Depuis son élection en mai dernier, le président français s'efforce d'obtenir la libération de l'otage franco-colombienne Ingrid Betancourt, détenue par les rebelles colombiens des Farc. Il a notamment accepté la médiation du président vénézuélien Hugo Chavez, grand rival d'Alvaro Uribe en Amérique Latine. "Lorsque j'ai été élu président de la Colombie, j'ai décidé de lutter contre le terrorisme et je suis venu à Paris", a dit Alvaro Uribe à l'issue de son entretien à l'Elysée. "M. Sarkozy était ministre de l'Intérieur et il a appuyé profondément notre politique de défense de la démocratie." "Ensuite, M. Sarkozy est venu chez nous et il a ratifié cet appui et nous avons pu travailler d'une façon très concertée et coordonnée.

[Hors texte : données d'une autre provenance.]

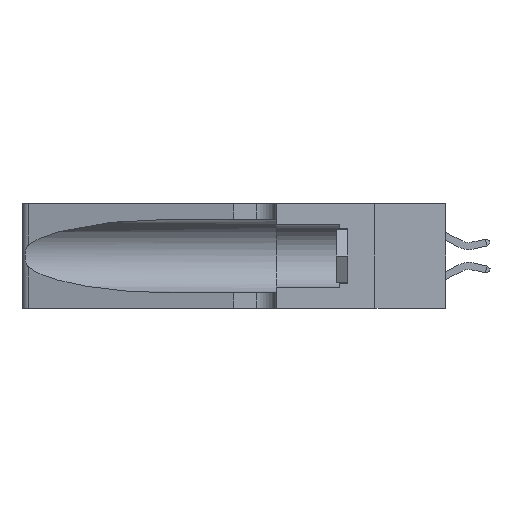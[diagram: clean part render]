
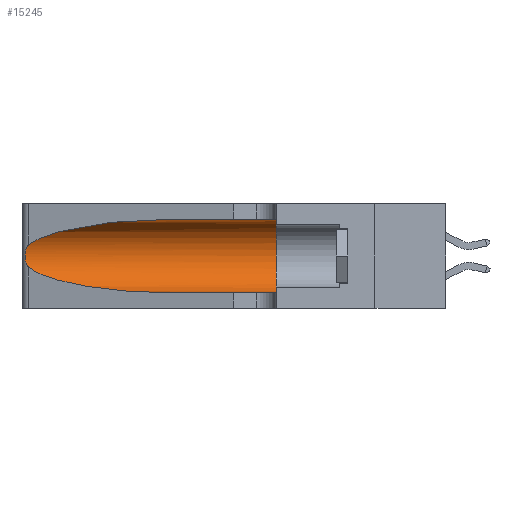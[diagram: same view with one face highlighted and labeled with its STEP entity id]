
A CAD part, left-side view. The second image highlights one B-rep face of the part: STEP entity #15245.
In plain terms, the highlighted cylindrical face has radius 3.308 mm (diameter 6.617 mm), a partial arc.
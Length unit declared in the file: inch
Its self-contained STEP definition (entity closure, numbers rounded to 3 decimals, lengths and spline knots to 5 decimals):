
#226 = CARTESIAN_POINT ( 'NONE',  ( 0.25487, 1.22718, 0.22369 ) ) ;
#431 = DIRECTION ( 'NONE',  ( 0., -1., 0. ) ) ;
#458 = DIRECTION ( 'NONE',  ( 0., 1., 0. ) ) ;
#549 = VERTEX_POINT ( 'NONE', #20723 ) ;
#927 = CARTESIAN_POINT ( 'NONE',  ( 0.26018, 1.23835, 0.19895 ) ) ;
#1965 = DIRECTION ( 'NONE',  ( 0., -1., 0. ) ) ;
#2024 = ORIENTED_EDGE ( 'NONE', *, *, #24922, .T. ) ;
#2312 = EDGE_CURVE ( 'NONE', #15179, #17309, #9902, .T. ) ;
#2326 = CARTESIAN_POINT ( 'NONE',  ( 0.25555, 1.22994, 0.2215 ) ) ;
#2574 = DIRECTION ( 'NONE',  ( 0., 0., 1. ) ) ;
#2623 = CARTESIAN_POINT ( 'NONE',  ( 0.25487, 1.22718, 0.14631 ) ) ;
#3124 = CARTESIAN_POINT ( 'NONE',  ( 0.18966, 0.96281, 0.31525 ) ) ;
#3202 = CARTESIAN_POINT ( 'NONE',  ( 0.25487, 1.22718, 0.22369 ) ) ;
#3735 = CARTESIAN_POINT ( 'NONE',  ( 0.25487, 1.22718, 0.22369 ) ) ;
#3935 = CARTESIAN_POINT ( 'NONE',  ( 0.25487, 1.22718, 0.14631 ) ) ;
#4156 = AXIS2_PLACEMENT_3D ( 'NONE', #14851, #10634, #25159 ) ;
#5065 =( BOUNDED_CURVE ( )  B_SPLINE_CURVE ( 3, ( #12066, #7603, #22107, #15889 ),
 .UNSPECIFIED., .F., .F. ) 
 B_SPLINE_CURVE_WITH_KNOTS ( ( 4, 4 ),
 ( 3.44316, 4.71239 ),
 .UNSPECIFIED. ) 
 CURVE ( )  GEOMETRIC_REPRESENTATION_ITEM ( )  RATIONAL_B_SPLINE_CURVE ( ( 1., 0.87, 0.87, 1. ) ) 
 REPRESENTATION_ITEM ( '' )  );
#5203 = CARTESIAN_POINT ( 'NONE',  ( 0.26075, 1.23896, 0.19203 ) ) ;
#5311 = CYLINDRICAL_SURFACE ( 'NONE', #4156, 0.13025 ) ;
#5440 = ORIENTED_EDGE ( 'NONE', *, *, #10753, .T. ) ;
#5550 = B_SPLINE_CURVE_WITH_KNOTS ( 'NONE', 3,
 ( #3735, #2326, #16847, #21527, #25819, #927, #5203, #19932, #17664, #21906, #13731, #24539, #26696, #3935 ),
 .UNSPECIFIED., .F., .F.,
 ( 4, 2, 2, 2, 2, 2, 4 ),
 ( 0., 0.00027, 0.00053, 0.00107, 0.0016, 0.00187, 0.00214 ),
 .UNSPECIFIED. ) ;
#5614 = ORIENTED_EDGE ( 'NONE', *, *, #2312, .T. ) ;
#6239 = CARTESIAN_POINT ( 'NONE',  ( 0.1305, 0.35, 0.31525 ) ) ;
#6361 = CARTESIAN_POINT ( 'NONE',  ( 0.1305, 0.72297, 0.31525 ) ) ;
#6717 = ORIENTED_EDGE ( 'NONE', *, *, #7376, .T. ) ;
#7376 = EDGE_CURVE ( 'NONE', #17309, #22117, #5550, .T. ) ;
#7603 = CARTESIAN_POINT ( 'NONE',  ( 0.2373, 1.15595, 0.08982 ) ) ;
#7776 = ORIENTED_EDGE ( 'NONE', *, *, #26847, .F. ) ;
#8596 = EDGE_LOOP ( 'NONE', ( #5614, #6717, #5440, #2024, #13923, #7776 ) ) ;
#9902 =( BOUNDED_CURVE ( )  B_SPLINE_CURVE ( 3, ( #13626, #3124, #25973, #3202 ),
 .UNSPECIFIED., .F., .T. ) 
 B_SPLINE_CURVE_WITH_KNOTS ( ( 4, 4 ),
 ( 1.5708, 2.84003 ),
 .UNSPECIFIED. ) 
 CURVE ( )  GEOMETRIC_REPRESENTATION_ITEM ( )  RATIONAL_B_SPLINE_CURVE ( ( 1., 0.87, 0.87, 1. ) ) 
 REPRESENTATION_ITEM ( '' )  );
#10634 = DIRECTION ( 'NONE',  ( 0., -1., 0. ) ) ;
#10753 = EDGE_CURVE ( 'NONE', #22117, #20465, #5065, .T. ) ;
#12066 = CARTESIAN_POINT ( 'NONE',  ( 0.25487, 1.22718, 0.14631 ) ) ;
#12327 = CARTESIAN_POINT ( 'NONE',  ( 0.1305, 1.61858, 0.05475 ) ) ;
#12921 = CARTESIAN_POINT ( 'NONE',  ( 0.1305, 0.35, 0.185 ) ) ;
#13090 = EDGE_CURVE ( 'NONE', #22509, #549, #26862, .T. ) ;
#13626 = CARTESIAN_POINT ( 'NONE',  ( 0.1305, 0.72297, 0.31525 ) ) ;
#13731 = CARTESIAN_POINT ( 'NONE',  ( 0.25789, 1.23486, 0.15765 ) ) ;
#13793 = CARTESIAN_POINT ( 'NONE',  ( 0.1305, 0.72297, 0.05475 ) ) ;
#13923 = ORIENTED_EDGE ( 'NONE', *, *, #13090, .F. ) ;
#14851 = CARTESIAN_POINT ( 'NONE',  ( 0.1305, 1.61858, 0.185 ) ) ;
#15179 = VERTEX_POINT ( 'NONE', #6361 ) ;
#15245 = ADVANCED_FACE ( 'NONE', ( #18872 ), #5311, .F. ) ;
#15562 = CARTESIAN_POINT ( 'NONE',  ( 0.1305, 1.61858, 0.31525 ) ) ;
#15715 = VECTOR ( 'NONE', #1965, 39.37008 ) ;
#15889 = CARTESIAN_POINT ( 'NONE',  ( 0.1305, 0.72297, 0.05475 ) ) ;
#16847 = CARTESIAN_POINT ( 'NONE',  ( 0.25639, 1.23184, 0.21858 ) ) ;
#17309 = VERTEX_POINT ( 'NONE', #226 ) ;
#17664 = CARTESIAN_POINT ( 'NONE',  ( 0.26017, 1.23833, 0.17102 ) ) ;
#18817 = AXIS2_PLACEMENT_3D ( 'NONE', #12921, #458, #2574 ) ;
#18872 = FACE_OUTER_BOUND ( 'NONE', #8596, .T. ) ;
#19932 = CARTESIAN_POINT ( 'NONE',  ( 0.26075, 1.23896, 0.178 ) ) ;
#20465 = VERTEX_POINT ( 'NONE', #13793 ) ;
#20723 = CARTESIAN_POINT ( 'NONE',  ( 0.1305, 0.35, 0.05475 ) ) ;
#20981 = LINE ( 'NONE', #12327, #15715 ) ;
#21527 = CARTESIAN_POINT ( 'NONE',  ( 0.25787, 1.23484, 0.2124 ) ) ;
#21906 = CARTESIAN_POINT ( 'NONE',  ( 0.25856, 1.23593, 0.16098 ) ) ;
#22107 = CARTESIAN_POINT ( 'NONE',  ( 0.18966, 0.96281, 0.05475 ) ) ;
#22117 = VERTEX_POINT ( 'NONE', #2623 ) ;
#22509 = VERTEX_POINT ( 'NONE', #6239 ) ;
#23487 = LINE ( 'NONE', #15562, #26432 ) ;
#24539 = CARTESIAN_POINT ( 'NONE',  ( 0.25639, 1.23186, 0.15144 ) ) ;
#24922 = EDGE_CURVE ( 'NONE', #20465, #549, #20981, .T. ) ;
#25159 = DIRECTION ( 'NONE',  ( 0., 0., -1. ) ) ;
#25819 = CARTESIAN_POINT ( 'NONE',  ( 0.25854, 1.2359, 0.20912 ) ) ;
#25973 = CARTESIAN_POINT ( 'NONE',  ( 0.2373, 1.15595, 0.28018 ) ) ;
#26432 = VECTOR ( 'NONE', #431, 39.37008 ) ;
#26696 = CARTESIAN_POINT ( 'NONE',  ( 0.25555, 1.22993, 0.14849 ) ) ;
#26847 = EDGE_CURVE ( 'NONE', #15179, #22509, #23487, .T. ) ;
#26862 = CIRCLE ( 'NONE', #18817, 0.13025 ) ;

Je voudrais le remercier une fois encore", a conclu le président colombien. Il avait déclaré auparavant, sur Europe 1, qu'il demanderait l'aide de Nicolas Sarkozy pour organiser une mission médicale internationale chargée de soigner les otages de la rébellion colombienne, dont Ingrid Betancourt. "En ce moment, nous sommes en train de mettre en place une mission médicale internationale. Nous défendons cette idée. C'est l'une des idées sur lesquelles je vais demander l'aide du président Sarkozy pour que cette mission puisse accéder à la jungle et venir soutenir les otages et que la détérioration de leur santé soit stoppée", a-t-il expliqué. "Cette mission médicale serait protégée par le pavillon de la Croix rouge internationale", a précisé Alvaro Uribe, qui a réitéré sa volonté de négocier avec les rebelles des Farc, "à partir du moment où ils sont de bonne foi". "Pour négocier la paix, je suis tout disposé à le faire", a-t-il dit, en rappelant la double priorité de son gouvernement: libérer les otages et "écraser les terroristes". Dimanche soir, Alvaro Uribe avait rencontré le fils et l'ex-époux d'Ingrid Betancourt à Paris, première étape de sa tournée européenne. Lorenzo et Fabrice Delloye ont plaidé à nouveau pour un accord humanitaire d'échange de prisonniers.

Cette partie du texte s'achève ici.